──────── Records for this exercise ────────

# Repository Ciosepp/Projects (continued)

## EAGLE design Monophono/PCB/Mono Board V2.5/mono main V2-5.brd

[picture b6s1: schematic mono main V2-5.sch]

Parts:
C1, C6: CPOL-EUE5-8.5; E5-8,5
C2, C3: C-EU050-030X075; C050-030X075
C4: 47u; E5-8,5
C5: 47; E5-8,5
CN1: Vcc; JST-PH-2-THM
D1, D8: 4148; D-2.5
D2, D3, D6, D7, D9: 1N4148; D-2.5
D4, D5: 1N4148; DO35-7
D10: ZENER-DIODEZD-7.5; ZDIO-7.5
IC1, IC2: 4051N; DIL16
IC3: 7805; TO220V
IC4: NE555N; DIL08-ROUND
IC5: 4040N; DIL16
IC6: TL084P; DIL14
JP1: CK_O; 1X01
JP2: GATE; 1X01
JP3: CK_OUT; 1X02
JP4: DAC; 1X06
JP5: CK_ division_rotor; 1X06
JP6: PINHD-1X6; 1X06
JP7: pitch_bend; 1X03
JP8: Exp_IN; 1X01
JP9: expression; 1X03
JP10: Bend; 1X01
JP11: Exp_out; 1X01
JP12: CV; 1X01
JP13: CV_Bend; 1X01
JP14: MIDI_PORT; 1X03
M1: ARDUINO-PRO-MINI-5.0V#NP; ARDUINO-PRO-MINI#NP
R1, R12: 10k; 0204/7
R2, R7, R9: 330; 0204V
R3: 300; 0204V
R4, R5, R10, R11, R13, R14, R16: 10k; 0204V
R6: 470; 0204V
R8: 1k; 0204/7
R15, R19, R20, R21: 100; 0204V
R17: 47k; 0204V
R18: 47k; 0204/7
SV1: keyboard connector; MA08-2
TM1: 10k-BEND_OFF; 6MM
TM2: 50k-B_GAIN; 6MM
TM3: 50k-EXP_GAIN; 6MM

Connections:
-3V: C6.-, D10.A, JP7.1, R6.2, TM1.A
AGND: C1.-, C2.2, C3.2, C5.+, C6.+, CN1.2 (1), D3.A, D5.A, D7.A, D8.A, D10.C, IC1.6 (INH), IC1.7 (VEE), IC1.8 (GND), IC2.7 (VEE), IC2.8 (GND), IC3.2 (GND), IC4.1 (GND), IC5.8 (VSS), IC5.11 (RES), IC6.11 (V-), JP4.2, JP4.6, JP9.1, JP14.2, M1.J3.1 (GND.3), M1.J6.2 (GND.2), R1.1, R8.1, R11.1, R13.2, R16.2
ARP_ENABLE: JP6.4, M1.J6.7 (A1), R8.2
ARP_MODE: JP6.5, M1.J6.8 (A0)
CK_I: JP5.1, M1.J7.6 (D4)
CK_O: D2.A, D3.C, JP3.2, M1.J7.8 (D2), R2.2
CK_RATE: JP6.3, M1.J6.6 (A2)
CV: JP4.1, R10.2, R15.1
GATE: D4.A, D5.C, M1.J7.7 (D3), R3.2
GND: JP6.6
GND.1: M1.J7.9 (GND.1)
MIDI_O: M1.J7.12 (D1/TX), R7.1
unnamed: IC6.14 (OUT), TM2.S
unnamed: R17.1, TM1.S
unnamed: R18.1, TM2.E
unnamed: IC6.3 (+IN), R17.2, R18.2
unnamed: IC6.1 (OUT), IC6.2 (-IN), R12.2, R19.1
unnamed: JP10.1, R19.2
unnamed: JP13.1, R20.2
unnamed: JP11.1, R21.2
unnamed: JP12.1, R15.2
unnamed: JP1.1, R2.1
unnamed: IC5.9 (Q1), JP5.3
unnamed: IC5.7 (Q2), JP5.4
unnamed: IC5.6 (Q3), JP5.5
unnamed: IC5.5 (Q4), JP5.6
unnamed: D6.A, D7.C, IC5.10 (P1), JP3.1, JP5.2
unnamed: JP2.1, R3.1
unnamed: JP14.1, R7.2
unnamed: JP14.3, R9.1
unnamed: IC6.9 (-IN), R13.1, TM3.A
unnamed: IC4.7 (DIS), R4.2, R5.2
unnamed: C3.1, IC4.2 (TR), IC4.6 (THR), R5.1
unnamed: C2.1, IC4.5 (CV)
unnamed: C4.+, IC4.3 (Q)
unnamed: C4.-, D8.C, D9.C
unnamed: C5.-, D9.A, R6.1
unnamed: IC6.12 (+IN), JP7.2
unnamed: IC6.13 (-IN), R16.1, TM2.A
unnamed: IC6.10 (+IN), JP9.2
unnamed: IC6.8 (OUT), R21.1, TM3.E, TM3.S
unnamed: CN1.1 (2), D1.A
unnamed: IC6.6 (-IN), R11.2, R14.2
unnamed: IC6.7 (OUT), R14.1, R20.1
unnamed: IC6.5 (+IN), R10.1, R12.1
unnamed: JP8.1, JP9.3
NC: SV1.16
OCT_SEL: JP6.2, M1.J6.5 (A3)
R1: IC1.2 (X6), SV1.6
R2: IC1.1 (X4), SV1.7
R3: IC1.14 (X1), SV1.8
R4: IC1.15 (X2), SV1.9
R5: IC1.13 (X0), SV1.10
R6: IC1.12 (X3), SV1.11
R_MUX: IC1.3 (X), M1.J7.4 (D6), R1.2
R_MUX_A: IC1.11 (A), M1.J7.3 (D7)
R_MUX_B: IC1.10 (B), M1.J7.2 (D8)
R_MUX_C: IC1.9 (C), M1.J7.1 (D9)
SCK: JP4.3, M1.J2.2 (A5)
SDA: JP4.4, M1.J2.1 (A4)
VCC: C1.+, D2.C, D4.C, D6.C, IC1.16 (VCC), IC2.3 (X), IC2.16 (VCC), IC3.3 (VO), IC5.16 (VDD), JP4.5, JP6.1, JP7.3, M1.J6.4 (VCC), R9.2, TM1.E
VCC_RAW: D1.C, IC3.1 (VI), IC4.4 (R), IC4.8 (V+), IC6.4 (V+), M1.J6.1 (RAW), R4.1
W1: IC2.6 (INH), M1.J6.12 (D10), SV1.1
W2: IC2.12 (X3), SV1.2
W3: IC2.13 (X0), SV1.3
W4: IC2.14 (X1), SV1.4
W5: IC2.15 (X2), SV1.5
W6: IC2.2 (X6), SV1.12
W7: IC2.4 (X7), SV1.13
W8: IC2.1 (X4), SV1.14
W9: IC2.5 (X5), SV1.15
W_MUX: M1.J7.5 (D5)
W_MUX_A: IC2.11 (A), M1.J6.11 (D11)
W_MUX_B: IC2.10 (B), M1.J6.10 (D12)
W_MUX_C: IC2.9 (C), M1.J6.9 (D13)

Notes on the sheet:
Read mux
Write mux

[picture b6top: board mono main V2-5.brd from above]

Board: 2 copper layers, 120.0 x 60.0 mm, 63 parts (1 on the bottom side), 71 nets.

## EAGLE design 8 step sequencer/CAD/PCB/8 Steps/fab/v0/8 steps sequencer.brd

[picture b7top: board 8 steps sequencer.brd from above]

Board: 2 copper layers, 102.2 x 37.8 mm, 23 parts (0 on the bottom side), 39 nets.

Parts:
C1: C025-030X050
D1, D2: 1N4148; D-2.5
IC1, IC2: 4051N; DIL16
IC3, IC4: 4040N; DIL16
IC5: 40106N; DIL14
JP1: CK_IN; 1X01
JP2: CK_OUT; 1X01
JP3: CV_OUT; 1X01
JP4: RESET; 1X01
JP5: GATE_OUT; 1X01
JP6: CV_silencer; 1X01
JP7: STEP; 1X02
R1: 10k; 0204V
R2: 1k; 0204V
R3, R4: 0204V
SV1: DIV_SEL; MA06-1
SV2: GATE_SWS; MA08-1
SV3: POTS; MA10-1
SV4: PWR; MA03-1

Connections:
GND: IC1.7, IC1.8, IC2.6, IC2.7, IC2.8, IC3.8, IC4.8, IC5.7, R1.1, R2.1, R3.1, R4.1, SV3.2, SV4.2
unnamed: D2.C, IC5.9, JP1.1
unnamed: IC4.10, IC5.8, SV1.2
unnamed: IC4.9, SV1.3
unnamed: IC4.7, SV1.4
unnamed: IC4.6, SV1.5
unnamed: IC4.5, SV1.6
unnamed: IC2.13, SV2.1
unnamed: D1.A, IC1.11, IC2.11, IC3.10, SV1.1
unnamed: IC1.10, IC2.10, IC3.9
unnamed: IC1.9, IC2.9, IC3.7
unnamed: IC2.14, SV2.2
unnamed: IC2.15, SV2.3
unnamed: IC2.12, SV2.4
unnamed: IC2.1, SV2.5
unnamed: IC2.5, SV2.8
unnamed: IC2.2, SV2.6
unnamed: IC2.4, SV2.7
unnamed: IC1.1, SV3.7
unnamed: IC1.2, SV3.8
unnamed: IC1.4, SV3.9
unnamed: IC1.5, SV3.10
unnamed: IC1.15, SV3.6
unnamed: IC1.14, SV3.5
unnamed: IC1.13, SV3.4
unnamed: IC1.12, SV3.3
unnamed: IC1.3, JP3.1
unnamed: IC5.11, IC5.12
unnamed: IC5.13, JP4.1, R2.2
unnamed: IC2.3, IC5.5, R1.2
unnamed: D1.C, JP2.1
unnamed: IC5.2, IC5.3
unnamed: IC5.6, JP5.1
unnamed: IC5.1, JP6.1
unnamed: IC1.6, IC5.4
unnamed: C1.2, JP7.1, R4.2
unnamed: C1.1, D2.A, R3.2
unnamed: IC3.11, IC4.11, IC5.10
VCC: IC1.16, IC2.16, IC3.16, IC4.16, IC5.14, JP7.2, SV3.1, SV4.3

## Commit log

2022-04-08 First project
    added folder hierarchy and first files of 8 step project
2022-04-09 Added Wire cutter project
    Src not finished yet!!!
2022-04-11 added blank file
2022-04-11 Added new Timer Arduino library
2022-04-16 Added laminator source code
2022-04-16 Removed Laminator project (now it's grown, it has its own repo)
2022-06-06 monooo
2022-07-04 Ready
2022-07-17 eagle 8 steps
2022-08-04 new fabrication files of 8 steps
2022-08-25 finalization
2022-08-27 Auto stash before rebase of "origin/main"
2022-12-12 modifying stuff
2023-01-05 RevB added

────────

# [Work instruction]
Nothing but the lines from the start of the data above through the line with "R15, R19, R20, R21: 100; 0204V" should appear in your answer, copied exactly.

# [Answer to the problem]
# Repository Ciosepp/Projects (continued)

## EAGLE design Monophono/PCB/Mono Board V2.5/mono main V2-5.brd

[picture b6s1: schematic mono main V2-5.sch]

Parts:
C1, C6: CPOL-EUE5-8.5; E5-8,5
C2, C3: C-EU050-030X075; C050-030X075
C4: 47u; E5-8,5
C5: 47; E5-8,5
CN1: Vcc; JST-PH-2-THM
D1, D8: 4148; D-2.5
D2, D3, D6, D7, D9: 1N4148; D-2.5
D4, D5: 1N4148; DO35-7
D10: ZENER-DIODEZD-7.5; ZDIO-7.5
IC1, IC2: 4051N; DIL16
IC3: 7805; TO220V
IC4: NE555N; DIL08-ROUND
IC5: 4040N; DIL16
IC6: TL084P; DIL14
JP1: CK_O; 1X01
JP2: GATE; 1X01
JP3: CK_OUT; 1X02
JP4: DAC; 1X06
JP5: CK_ division_rotor; 1X06
JP6: PINHD-1X6; 1X06
JP7: pitch_bend; 1X03
JP8: Exp_IN; 1X01
JP9: expression; 1X03
JP10: Bend; 1X01
JP11: Exp_out; 1X01
JP12: CV; 1X01
JP13: CV_Bend; 1X01
JP14: MIDI_PORT; 1X03
M1: ARDUINO-PRO-MINI-5.0V#NP; ARDUINO-PRO-MINI#NP
R1, R12: 10k; 0204/7
R2, R7, R9: 330; 0204V
R3: 300; 0204V
R4, R5, R10, R11, R13, R14, R16: 10k; 0204V
R6: 470; 0204V
R8: 1k; 0204/7
R15, R19, R20, R21: 100; 0204V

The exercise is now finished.